It's all too complicated.  I'm going to the bank on Saturday, get my cashier's check, and will mail it off and be done with it. I've already spent too much time trying to make it easier for myself.


----------



## Andy (Jul 16, 2003)

sergiok said:


> Why not pay it off via the Ultimate Pay option through the owners circle?


Payoffs can not be done via UltimatePay on the Owners' Circle. The payment limit for an UltimatePay is like $5k or something.

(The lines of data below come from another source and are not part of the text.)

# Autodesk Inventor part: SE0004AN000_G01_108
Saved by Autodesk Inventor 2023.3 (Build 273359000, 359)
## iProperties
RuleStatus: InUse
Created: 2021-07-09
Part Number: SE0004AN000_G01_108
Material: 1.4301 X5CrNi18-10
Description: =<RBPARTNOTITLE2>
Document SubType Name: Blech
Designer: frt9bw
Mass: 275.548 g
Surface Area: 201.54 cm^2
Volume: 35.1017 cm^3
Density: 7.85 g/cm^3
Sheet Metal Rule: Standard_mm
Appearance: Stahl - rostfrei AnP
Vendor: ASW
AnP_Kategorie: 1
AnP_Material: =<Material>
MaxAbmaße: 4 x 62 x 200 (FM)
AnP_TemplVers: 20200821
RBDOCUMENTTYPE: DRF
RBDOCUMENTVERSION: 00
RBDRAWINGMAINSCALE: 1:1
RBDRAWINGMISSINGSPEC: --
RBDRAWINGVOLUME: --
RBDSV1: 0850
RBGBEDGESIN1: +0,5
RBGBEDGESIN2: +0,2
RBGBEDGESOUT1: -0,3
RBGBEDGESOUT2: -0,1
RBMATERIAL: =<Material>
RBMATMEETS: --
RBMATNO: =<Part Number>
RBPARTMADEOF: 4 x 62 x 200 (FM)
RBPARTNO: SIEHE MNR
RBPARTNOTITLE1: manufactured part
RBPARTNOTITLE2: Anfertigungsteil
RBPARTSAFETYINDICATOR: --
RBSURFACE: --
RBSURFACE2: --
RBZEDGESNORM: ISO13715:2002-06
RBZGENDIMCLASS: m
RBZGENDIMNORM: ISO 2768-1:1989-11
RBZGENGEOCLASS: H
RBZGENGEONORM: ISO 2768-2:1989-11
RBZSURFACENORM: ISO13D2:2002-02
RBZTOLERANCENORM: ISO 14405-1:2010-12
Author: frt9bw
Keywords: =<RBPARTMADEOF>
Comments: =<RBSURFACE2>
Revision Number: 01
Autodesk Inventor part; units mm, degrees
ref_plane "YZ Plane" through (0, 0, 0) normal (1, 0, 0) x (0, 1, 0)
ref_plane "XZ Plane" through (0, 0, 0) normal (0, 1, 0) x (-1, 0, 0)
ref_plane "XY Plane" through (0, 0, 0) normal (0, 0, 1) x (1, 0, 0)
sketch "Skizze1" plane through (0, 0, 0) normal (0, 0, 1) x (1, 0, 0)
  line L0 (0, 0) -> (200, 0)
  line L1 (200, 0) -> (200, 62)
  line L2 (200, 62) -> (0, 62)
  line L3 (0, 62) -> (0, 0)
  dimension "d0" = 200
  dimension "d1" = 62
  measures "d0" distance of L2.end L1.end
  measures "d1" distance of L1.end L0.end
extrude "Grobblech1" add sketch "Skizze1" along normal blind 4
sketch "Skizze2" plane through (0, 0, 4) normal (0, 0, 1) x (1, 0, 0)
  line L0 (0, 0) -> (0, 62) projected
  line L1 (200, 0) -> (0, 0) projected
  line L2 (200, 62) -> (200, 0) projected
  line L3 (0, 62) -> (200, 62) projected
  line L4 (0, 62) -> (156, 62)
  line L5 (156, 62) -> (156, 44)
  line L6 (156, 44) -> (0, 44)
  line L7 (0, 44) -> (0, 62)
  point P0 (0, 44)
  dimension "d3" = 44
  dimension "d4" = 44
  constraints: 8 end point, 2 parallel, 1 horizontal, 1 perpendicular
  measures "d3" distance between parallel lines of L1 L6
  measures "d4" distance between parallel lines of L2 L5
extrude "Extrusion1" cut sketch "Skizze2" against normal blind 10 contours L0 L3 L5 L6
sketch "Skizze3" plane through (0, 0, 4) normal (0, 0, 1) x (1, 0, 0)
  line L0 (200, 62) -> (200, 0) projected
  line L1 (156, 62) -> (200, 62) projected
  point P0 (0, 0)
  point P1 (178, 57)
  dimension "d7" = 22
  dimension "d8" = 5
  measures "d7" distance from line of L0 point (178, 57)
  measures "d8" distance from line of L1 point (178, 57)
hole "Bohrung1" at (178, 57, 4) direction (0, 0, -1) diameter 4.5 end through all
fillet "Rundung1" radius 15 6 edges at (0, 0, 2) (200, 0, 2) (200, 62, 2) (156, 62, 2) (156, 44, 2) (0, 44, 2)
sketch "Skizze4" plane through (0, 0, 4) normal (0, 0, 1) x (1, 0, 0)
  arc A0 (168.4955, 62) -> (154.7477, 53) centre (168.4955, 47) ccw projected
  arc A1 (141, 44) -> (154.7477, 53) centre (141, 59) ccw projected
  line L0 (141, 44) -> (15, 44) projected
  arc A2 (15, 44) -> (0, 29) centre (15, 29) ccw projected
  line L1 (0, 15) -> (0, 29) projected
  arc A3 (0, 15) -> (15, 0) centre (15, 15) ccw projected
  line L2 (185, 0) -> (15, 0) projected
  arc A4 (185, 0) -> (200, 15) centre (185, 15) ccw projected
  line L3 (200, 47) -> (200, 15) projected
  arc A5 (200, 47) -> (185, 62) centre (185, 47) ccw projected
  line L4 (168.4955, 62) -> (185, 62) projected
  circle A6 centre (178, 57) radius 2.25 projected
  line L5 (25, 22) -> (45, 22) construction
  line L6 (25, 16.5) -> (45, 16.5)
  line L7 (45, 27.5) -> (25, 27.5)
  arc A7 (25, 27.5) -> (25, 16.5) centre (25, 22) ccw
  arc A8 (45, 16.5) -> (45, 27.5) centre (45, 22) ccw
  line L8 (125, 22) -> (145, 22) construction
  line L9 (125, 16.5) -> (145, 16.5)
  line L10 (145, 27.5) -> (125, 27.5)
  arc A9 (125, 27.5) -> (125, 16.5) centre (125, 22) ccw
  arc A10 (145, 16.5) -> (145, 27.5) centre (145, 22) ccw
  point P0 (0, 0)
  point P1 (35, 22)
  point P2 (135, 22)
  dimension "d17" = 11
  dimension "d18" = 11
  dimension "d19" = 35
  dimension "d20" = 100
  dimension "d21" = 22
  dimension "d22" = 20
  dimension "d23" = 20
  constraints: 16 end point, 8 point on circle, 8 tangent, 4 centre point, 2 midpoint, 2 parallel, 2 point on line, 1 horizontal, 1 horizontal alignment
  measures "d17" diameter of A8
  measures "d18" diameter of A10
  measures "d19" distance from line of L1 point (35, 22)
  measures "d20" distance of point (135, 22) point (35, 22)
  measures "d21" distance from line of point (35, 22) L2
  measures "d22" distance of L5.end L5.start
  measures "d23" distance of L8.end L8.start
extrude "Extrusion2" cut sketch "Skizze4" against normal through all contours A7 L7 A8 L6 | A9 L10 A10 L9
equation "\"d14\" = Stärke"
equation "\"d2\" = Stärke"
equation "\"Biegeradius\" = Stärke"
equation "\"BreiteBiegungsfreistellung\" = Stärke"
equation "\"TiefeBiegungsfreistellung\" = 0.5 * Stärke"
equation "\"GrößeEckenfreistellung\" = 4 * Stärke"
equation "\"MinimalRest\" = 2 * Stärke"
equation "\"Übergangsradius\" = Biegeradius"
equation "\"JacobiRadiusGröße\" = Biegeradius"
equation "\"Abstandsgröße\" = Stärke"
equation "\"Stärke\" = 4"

Alee, congratulation on paying off your car, I'm sure that's a great feeling. :thumbup:


----------



## alee (Dec 19, 2001)

Andy said:


> Alee, congratulation on paying off your car, I'm sure that's a great feeling. :thumbup:


Thanks.  It'll feel much better after I have the check in hand and mail that sucker off.  Merry Christmas to me. :thumbup:


----------



## elbert (Mar 28, 2002)

alee said:


> It's all too complicated.  I'm going to the bank on Saturday, get my cashier's check, and will mail it off and be done with it. I've already spent too much time trying to make it easier for myself.


Yes. One thing I've learned is don't complicate things because it will take a lot longer to fix whatever got screwed up. Be done with it and forget it.

PS BMWFS has been more than helpful, unlike those bastards at BMWNA. The latter could learn something about customer service from the former.


----------